Now suppose someone making $100K/year (their “GDP”) wanted to buy a house and take out a $100K mortgage (their “Debt”). We would consider that well within that person’s means to repay. Even at $200K, we would still consider that mortgage reasonable. In the former case, that person’s “Debt-to-GDP” ratio would be 100% (1 year); in the latter, 200% (2 years), the two scenarios which you mention above as troublesome for the federal debt.
Why is it that a person carrying such a debt load is considered reasonable, yet the federal government doing the same is not? Where is it that our mortgagee get a repayment power that is superior to that of the federal government?
(3) Investor “confidence” in federal debt is a red herring. There is no economic risk of non-payment of debt by an issuer of fiat currency. The ONLY risk of default would arise (in our case) if Congress simply decided to stiff our lenders, which would never be necessary from an economic standpoint, and would be unconstitutional to boot.
Inflation is another matter, but suffice to say that the Quantity Theory is trivially incorrect, as it assumes that (a) aggregate borrowing and spending do not change, (b) productivity levels never increase or decrease, and (c) unemployment does not exist. Obviously, none of these are true.
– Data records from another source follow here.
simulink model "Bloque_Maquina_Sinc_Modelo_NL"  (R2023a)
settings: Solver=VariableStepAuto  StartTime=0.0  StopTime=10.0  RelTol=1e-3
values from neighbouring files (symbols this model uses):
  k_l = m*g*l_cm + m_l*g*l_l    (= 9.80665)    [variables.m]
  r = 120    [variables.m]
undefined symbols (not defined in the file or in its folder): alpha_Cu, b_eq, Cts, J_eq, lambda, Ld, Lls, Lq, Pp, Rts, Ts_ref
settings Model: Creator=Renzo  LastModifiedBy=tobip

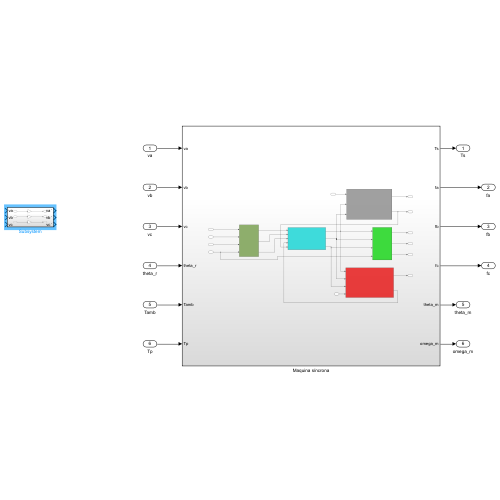
[thumbnail: Simulink's stored preview of the top-level diagram]
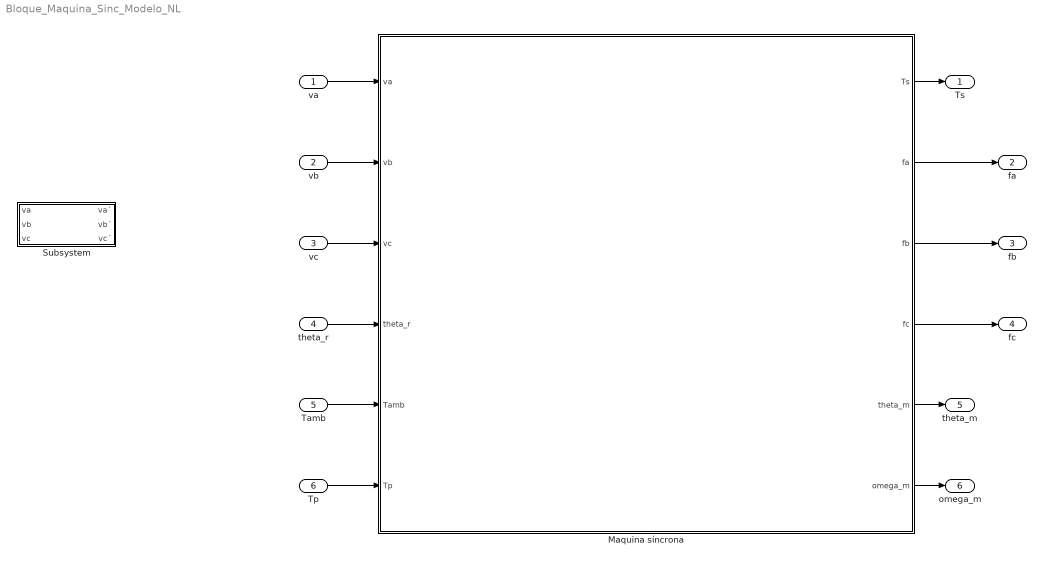
== system Bloque_Maquina_Sinc_Modelo_NL ==
  va : Inport
  vb : Inport  Port=2
  vc : Inport  Port=3
  theta_r : Inport  Port=4
  Tamb : Inport  Port=5
  Tp : Inport  Port=6
  Maquina síncrona : Subsystem
  Subsystem : Subsystem
  Ts : Outport
  fa : Outport  Port=2
  fb : Outport  Port=3
  fc : Outport  Port=4
  theta_m : Outport  Port=5
  omega_m : Outport  Port=6
  wires:
  va/1 -> Maquina síncrona/1(va)
  vb/1 -> Maquina síncrona/2(vb)
  vc/1 -> Maquina síncrona/3(vc)
  theta_r/1 -> Maquina síncrona/4(theta_r)
  Tamb/1 -> Maquina síncrona/5(Tamb)
  Tp/1 -> Maquina síncrona/6(Tp)
  Maquina síncrona/1(Ts) -> Ts/1
  Maquina síncrona/2(fa) -> fa/1
  Maquina síncrona/3(fb) -> fb/1
  Maquina síncrona/4(fc) -> fc/1
  Maquina síncrona/5(theta_m) -> theta_m/1
  Maquina síncrona/6(omega_m) -> omega_m/1

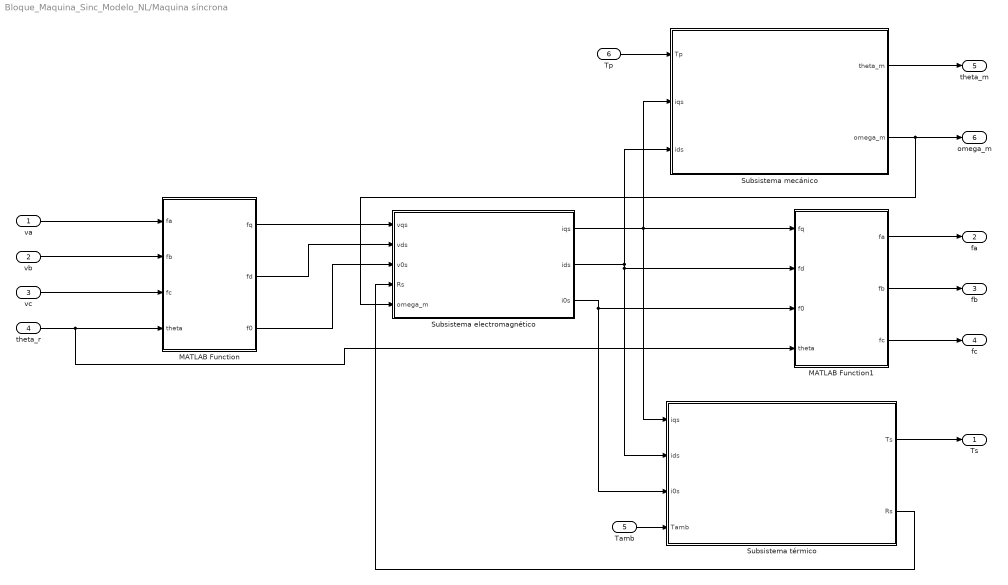
== system Bloque_Maquina_Sinc_Modelo_NL/Maquina síncrona ==
  va : Inport
  vb : Inport  Port=2
  vc : Inport  Port=3
  theta_r : Inport  Port=4
  Tamb : Inport  Port=5
  Tp : Inport  Port=6
  MATLAB Function : MATLAB Function  TreatAsAtomicUnit=on
  MATLAB Function1 : MATLAB Function  TreatAsAtomicUnit=on
  Subsistema electromagnético : Subsystem
  Subsistema mecánico : Subsystem
  Subsistema térmico : Subsystem
  Ts : Outport
  fa : Outport  Port=2
  fb : Outport  Port=3
  fc : Outport  Port=4
  theta_m : Outport  Port=5
  omega_m : Outport  Port=6
  wires:
  theta_r/1 -> MATLAB Function/4(theta), MATLAB Function1/4(theta)
  Subsistema mecánico/2(omega_m) -> omega_m/1, Subsistema electromagnético/5(omega_m)
  va/1 -> MATLAB Function/1(fa)
  vc/1 -> MATLAB Function/3(fc)
  Subsistema electromagnético/2(ids) -> Subsistema térmico/2(ids), MATLAB Function1/2(fd), Subsistema mecánico/3(ids)
  MATLAB Function/3(f0) -> Subsistema electromagnético/3(v0s)
  MATLAB Function/2(fd) -> Subsistema electromagnético/2(vds)
  Tp/1 -> Subsistema mecánico/1(Tp)
  Tamb/1 -> Subsistema térmico/4(Tamb)
  MATLAB Function/1(fq) -> Subsistema electromagnético/1(vqs)
  Subsistema electromagnético/3(i0s) -> MATLAB Function1/3(f0), Subsistema térmico/3(i0s)
  Subsistema electromagnético/1(iqs) -> MATLAB Function1/1(fq), Subsistema térmico/1(iqs), Subsistema mecánico/2(iqs)
  MATLAB Function1/2(fb) -> fb/1
  MATLAB Function1/1(fa) -> fa/1
  MATLAB Function1/3(fc) -> fc/1
  vb/1 -> MATLAB Function/2(fb)
  Subsistema térmico/2(Rs) -> Subsistema electromagnético/4(Rs)
  Subsistema térmico/1(Ts) -> Ts/1
  Subsistema mecánico/1(theta_m) -> theta_m/1

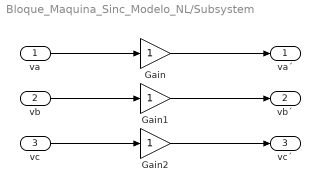
== system Bloque_Maquina_Sinc_Modelo_NL/Subsystem ==
  va : Inport
  vb : Inport  Port=2
  vc : Inport  Port=3
  Gain : Gain
  Gain1 : Gain
  Gain2 : Gain
  va´ : Outport
  vb´ : Outport  Port=2
  vc´ : Outport  Port=3
  wires:
  va/1 -> Gain/1
  Gain/1 -> va´/1
  vb/1 -> Gain1/1
  Gain1/1 -> vb´/1
  vc/1 -> Gain2/1
  Gain2/1 -> vc´/1

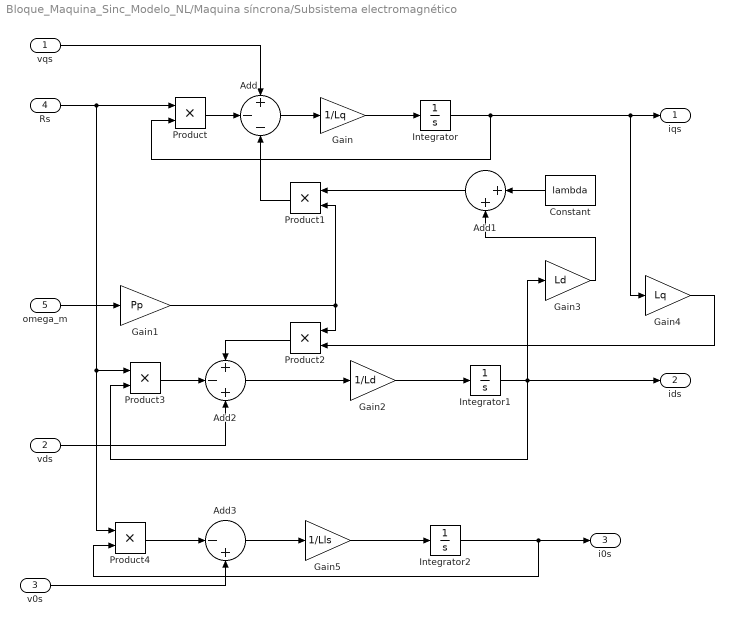
== system Bloque_Maquina_Sinc_Modelo_NL/Maquina síncrona/Subsistema electromagnético ==
  vqs : Inport
  vds : Inport  Port=2
  v0s : Inport  Port=3
  Rs : Inport  Port=4
  omega_m : Inport  Port=5
  Add : Sum  Inputs=+--
  Add1 : Sum  Inputs=|++
  Add2 : Sum  Inputs=+-+
  Add3 : Sum  Inputs=|-+
  Constant : Constant  Value=lambda
  Gain : Gain  Gain=1/Lq
  Gain1 : Gain  Gain=Pp
  Gain2 : Gain  Gain=1/Ld
  Gain3 : Gain  Gain=Ld
  Gain4 : Gain  Gain=Lq
  Gain5 : Gain  Gain=1/Lls
  Integrator : Integrator
  Integrator1 : Integrator
  Integrator2 : Integrator
  Product{,1..4} (5 alike) : Product
  iqs : Outport
  ids : Outport  Port=2
  i0s : Outport  Port=3
  wires:
  vqs/1 -> Add/1
  Gain/1 -> Integrator/1
  Add/1 -> Gain/1
  Integrator/1 -> Product/2, Gain4/1, iqs/1
  Product/1 -> Add/2
  Rs/1 -> Product/1, Product4/1, Product3/1
  Constant/1 -> Add1/1
  Add1/1 -> Product1/1
  Gain1/1 -> Product2/1, Product1/2
  Product1/1 -> Add/3
  omega_m/1 -> Gain1/1
  Product2/1 -> Add2/1
  vds/1 -> Add2/3
  Product3/1 -> Add2/2
  Add2/1 -> Gain2/1
  Gain2/1 -> Integrator1/1
  Integrator1/1 -> Gain3/1, ids/1, Product3/2
  Gain4/1 -> Product2/2
  Gain3/1 -> Add1/2
  v0s/1 -> Add3/2
  Product4/1 -> Add3/1
  Add3/1 -> Gain5/1
  Gain5/1 -> Integrator2/1
  Integrator2/1 -> Product4/2, i0s/1

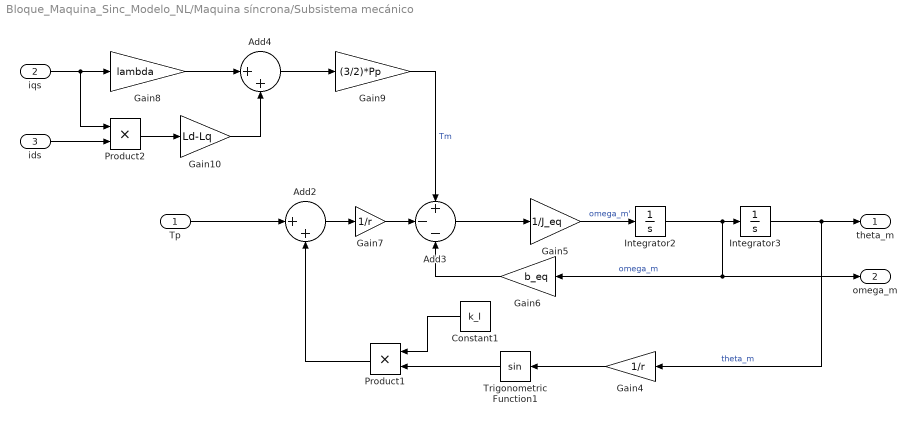
== system Bloque_Maquina_Sinc_Modelo_NL/Maquina síncrona/Subsistema mecánico ==
  Tp : Inport
  iqs : Inport  Port=2
  ids : Inport  Port=3
  Add2 : Sum  Inputs=|++
  Add3 : Sum  Inputs=+--
  Add4 : Sum  Inputs=|++
  Constant1 : Constant  Value=k_l
  Gain10 : Gain  Gain=Ld-Lq
  Gain4 : Gain  Gain=1/r
  Gain5 : Gain  Gain=1/J_eq
  Gain6 : Gain  Gain=b_eq
  Gain7 : Gain  Gain=1/r
  Gain8 : Gain  Gain=lambda
  Gain9 : Gain  Gain=(3/2)*Pp
  Integrator2 : Integrator
  Integrator3 : Integrator
  Product1 : Product
  Product2 : Product
  Trigonometric Function1 : Trigonometry
  theta_m : Outport
  omega_m : Outport  Port=2
  wires:
  Add2/1 -> Gain7/1
  Integrator2/1 -> omega_m/1, Gain6/1, Integrator3/1  "omega_m"
  Gain6/1 -> Add3/3
  Gain4/1 -> Trigonometric Function1/1
  Integrator3/1 -> theta_m/1, Gain4/1  "theta_m"
  iqs/1 -> Product2/1, Gain8/1
  Product1/1 -> Add2/2
  Add3/1 -> Gain5/1
  Gain5/1 -> Integrator2/1  "omega_m'"
  Constant1/1 -> Product1/1
  Tp/1 -> Add2/1
  Trigonometric Function1/1 -> Product1/2
  Gain8/1 -> Add4/1
  Gain7/1 -> Add3/2
  Add4/1 -> Gain9/1
  Gain9/1 -> Add3/1  "Tm"
  Product2/1 -> Gain10/1
  Gain10/1 -> Add4/2
  ids/1 -> Product2/2

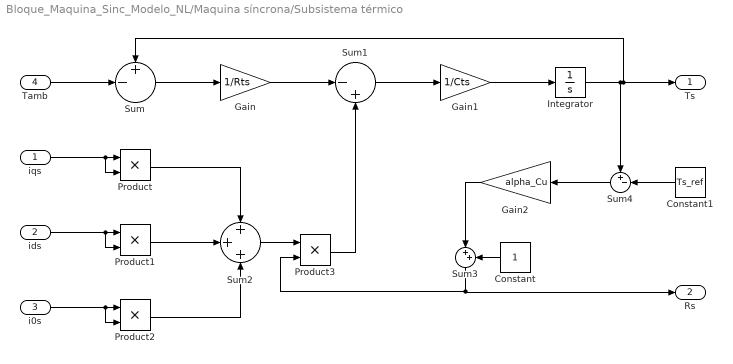
== system Bloque_Maquina_Sinc_Modelo_NL/Maquina síncrona/Subsistema térmico ==
  iqs : Inport
  ids : Inport  Port=2
  i0s : Inport  Port=3
  Tamb : Inport  Port=4
  Constant : Constant
  Constant1 : Constant  Value=Ts_ref
  Gain : Gain  Gain=1/Rts
  Gain1 : Gain  Gain=1/Cts
  Gain2 : Gain  Gain=alpha_Cu
  Integrator : Integrator
  Product{,1..3} (4 alike) : Product
  Sum : Sum  Inputs=+-|
  Sum1 : Sum  Inputs=|-+
  Sum2 : Sum  Inputs=+++
  Sum3 : Sum  Inputs=|++
  Sum4 : Sum  Inputs=+-|
  Ts : Outport
  Rs : Outport  Port=2
  wires:
  Tamb/1 -> Sum/2
  Gain/1 -> Sum1/1
  Sum/1 -> Gain/1
  Sum1/1 -> Gain1/1
  Gain1/1 -> Integrator/1
  Integrator/1 -> Ts/1, Sum/1, Sum4/1
  iqs/1 -> Product/2, Product/1
  ids/1 -> Product1/2, Product1/1
  i0s/1 -> Product2/2, Product2/1
  Product1/1 -> Sum2/2
  Product/1 -> Sum2/1
  Product2/1 -> Sum2/3
  Sum2/1 -> Product3/1
  Product3/1 -> Sum1/2
  Constant/1 -> Sum3/2
  Gain2/1 -> Sum3/1
  Constant1/1 -> Sum4/2
  Sum4/1 -> Gain2/1
  Sum3/1 -> Product3/2, Rs/1

== matlab function Bloque_Maquina_Sinc_Modelo_NL/Maquina síncrona/MATLAB Function1 ==
  data: fq input; fa output; fd input; f0 input; theta input; fb output; fc output
function [fa,fb,fc] = TI_Park(fq,fd,f0,theta)

f = (2/3)*[     cos(theta)              sin(theta)         1;
           cos(theta - (2*pi)/3)   sin(theta - (2*pi)/3)   1;
           cos(theta + (2*pi)/3)   sin(theta + (2*pi)/3)   1];

[fa;fb;fc] = f*[fq;fd;f0];

== matlab function Bloque_Maquina_Sinc_Modelo_NL/Maquina síncrona/MATLAB Function ==
  data: fa input; fq output; fb input; fc input; theta input; fd output; f0 output
function [fq,fd,f0] = TD_Park(fa,fb,fc,theta)

f = (2/3)*[cos(theta)  cos(theta - (2*pi)/3)   cos(theta + (2*pi)/3);
           sin(theta)  sin(theta - (2*pi)/3)   sin(theta + (2*pi)/3);
              1/2              1/2                     1/2         ];

[fq;fd;f0] = f*[fa;fb;fc];

(4) Crowding out is a fiction created by a misunderstanding of the accounting involved. All borrowed money must go somewhere, and that somewhere is right back into the economy, where it is immediately re-available to as loanable funds. Money doesn’t simply disappear when it is borrowed, and yet the crowding out theory assumes that it does. This is bad accounting.
Would it be such a stretch to admit that our war economy is as much to blame as the medical industrial complex (which of course!, out of control also).
What I seriously take issue with here is this idea that ONLY voting will solve the problems this country faces, the classic conservative take. Nearly all changes in a system come from more direct action – Opeds, phoning your Congresscritter, strikes, occupations ..
I guess if everyone were to “live within their means”, not many would be buying houses at all. Wouldn’t that be awful? It’s a very very poor argument for regressive economic policy.
The government doesn’t need more AUSTERITY and fear mongers. What it needs is financial regulation and someone to regulate the regulators, a new tax system that the rich cannot avoid paying their fair share, and a political WILL to ensure all citizens have opportunity to _express themselves through working opportunities.